== Segment start ==

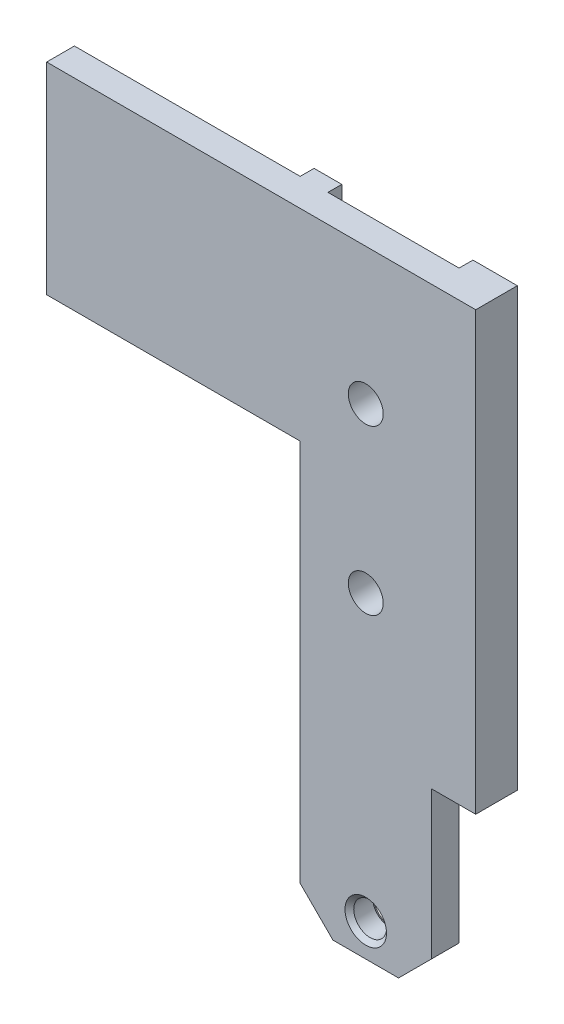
from build123d import *

# Parameters (mm, degrees)
EXTRUDE1_DEPTH        = 0.635
EXTRUDE1_DEPTH_BACK   = 0.635
SKETCH3_W             = 1.27
SKETCH3_H             = 9.225306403
SKETCH3_W_2           = 2.032
SKETCH3_H_2           = 28.255
EXTRUDE2_DEPTH        = 0.635
SKETCH4_R             = 0.75
CUT_EXTRUDE2_DEPTH    = 32.863459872
CHAMFER1_SIZE         = 0.2
SKETCH5_W             = 2.032
SKETCH5_H             = 8.255
CUT_EXTRUDE3_DEPTH    = 32.863459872
CHAMFER2_SIZE         = 1.5
M2X0_4_TAPPED_HOLE1_D = 1.6


with BuildPart() as part:
    # Sketch2 → Extrude1 (new, two sides: drawn at the far end of the back side and taken through both)
    with BuildSketch(Plane.XY.offset(-EXTRUDE1_DEPTH_BACK)):
        Polygon((5.03301, 0), (-14.605, 0), (-14.605, -9.225306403), (-3.00101, -9.225306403), (-3.00101, -28.255), (5.03301, -28.255), align=None)
    extrude(amount=EXTRUDE1_DEPTH + EXTRUDE1_DEPTH_BACK)

    # Sketch3 → Extrude2 (add)
    with BuildSketch(Plane(origin=(0, 0, -0.635), x_dir=(-1, 0, 0), z_dir=(0, 0, -1))):
        with Locations((3.63601, -4.612653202)):
            Rectangle(SKETCH3_W, SKETCH3_H)
        with Locations((-4.01701, -14.1275)):
            Rectangle(SKETCH3_W_2, SKETCH3_H_2)
    extrude(amount=EXTRUDE2_DEPTH)

    # Sketch4 → Cut-Extrude2 (cut, through all)
    with BuildSketch(Plane.XY.offset(0.635)):
        with Locations((0, -26.755)):
            Circle(SKETCH4_R)
    extrude(amount=-CUT_EXTRUDE2_DEPTH, mode=Mode.SUBTRACT)

    # Chamfer1
    chamfer1_edges = [part.edges().sort_by_distance(p)[0] for p in [
        (-0.75, -26.755, -0.635),
        (-0.75, -26.755, 0.635),
    ]]
    chamfer(chamfer1_edges, length=CHAMFER1_SIZE)

    # Sketch5 → Cut-Extrude3 (cut, through all)
    with BuildSketch(Plane.XY.offset(0.635)):
        with Locations((4.01701, -24.1275)):
            Rectangle(SKETCH5_W, SKETCH5_H)
    extrude(amount=-CUT_EXTRUDE3_DEPTH, mode=Mode.SUBTRACT)

    # Chamfer2
    chamfer2_edges = [part.edges().sort_by_distance(p)[0] for p in [
        (-3.00101, -28.255, 0),
        (3.00101, -28.255, 0),
    ]]
    chamfer(chamfer2_edges, length=CHAMFER2_SIZE)

    # M2x0.4 Tapped Hole1 (through all)
    with Locations(Plane.XY.offset(0.635)):
        with Locations((0, -13.75), (0, -6.25)):
            Hole(M2X0_4_TAPPED_HOLE1_D / 2)


solid = part.part

== Segment end ==

> **TASK TO COMPLETE**
Please return the records as they stand, word for word, with no pictures.

> **EXERCISE RESPONSE**
from build123d import *

# Parameters (mm, degrees)
EXTRUDE1_DEPTH        = 0.635
EXTRUDE1_DEPTH_BACK   = 0.635
SKETCH3_W             = 1.27
SKETCH3_H             = 9.225306403
SKETCH3_W_2           = 2.032
SKETCH3_H_2           = 28.255
EXTRUDE2_DEPTH        = 0.635
SKETCH4_R             = 0.75
CUT_EXTRUDE2_DEPTH    = 32.863459872
CHAMFER1_SIZE         = 0.2
SKETCH5_W             = 2.032
SKETCH5_H             = 8.255
CUT_EXTRUDE3_DEPTH    = 32.863459872
CHAMFER2_SIZE         = 1.5
M2X0_4_TAPPED_HOLE1_D = 1.6


with BuildPart() as part:
    # Sketch2 → Extrude1 (new, two sides: drawn at the far end of the back side and taken through both)
    with BuildSketch(Plane.XY.offset(-EXTRUDE1_DEPTH_BACK)):
        Polygon((5.03301, 0), (-14.605, 0), (-14.605, -9.225306403), (-3.00101, -9.225306403), (-3.00101, -28.255), (5.03301, -28.255), align=None)
    extrude(amount=EXTRUDE1_DEPTH + EXTRUDE1_DEPTH_BACK)

    # Sketch3 → Extrude2 (add)
    with BuildSketch(Plane(origin=(0, 0, -0.635), x_dir=(-1, 0, 0), z_dir=(0, 0, -1))):
        with Locations((3.63601, -4.612653202)):
            Rectangle(SKETCH3_W, SKETCH3_H)
        with Locations((-4.01701, -14.1275)):
            Rectangle(SKETCH3_W_2, SKETCH3_H_2)
    extrude(amount=EXTRUDE2_DEPTH)

    # Sketch4 → Cut-Extrude2 (cut, through all)
    with BuildSketch(Plane.XY.offset(0.635)):
        with Locations((0, -26.755)):
            Circle(SKETCH4_R)
    extrude(amount=-CUT_EXTRUDE2_DEPTH, mode=Mode.SUBTRACT)

    # Chamfer1
    chamfer1_edges = [part.edges().sort_by_distance(p)[0] for p in [
        (-0.75, -26.755, -0.635),
        (-0.75, -26.755, 0.635),
    ]]
    chamfer(chamfer1_edges, length=CHAMFER1_SIZE)

    # Sketch5 → Cut-Extrude3 (cut, through all)
    with BuildSketch(Plane.XY.offset(0.635)):
        with Locations((4.01701, -24.1275)):
            Rectangle(SKETCH5_W, SKETCH5_H)
    extrude(amount=-CUT_EXTRUDE3_DEPTH, mode=Mode.SUBTRACT)

    # Chamfer2
    chamfer2_edges = [part.edges().sort_by_distance(p)[0] for p in [
        (-3.00101, -28.255, 0),
        (3.00101, -28.255, 0),
    ]]
    chamfer(chamfer2_edges, length=CHAMFER2_SIZE)

    # M2x0.4 Tapped Hole1 (through all)
    with Locations(Plane.XY.offset(0.635)):
        with Locations((0, -13.75), (0, -6.25)):
            Hole(M2X0_4_TAPPED_HOLE1_D / 2)


solid = part.part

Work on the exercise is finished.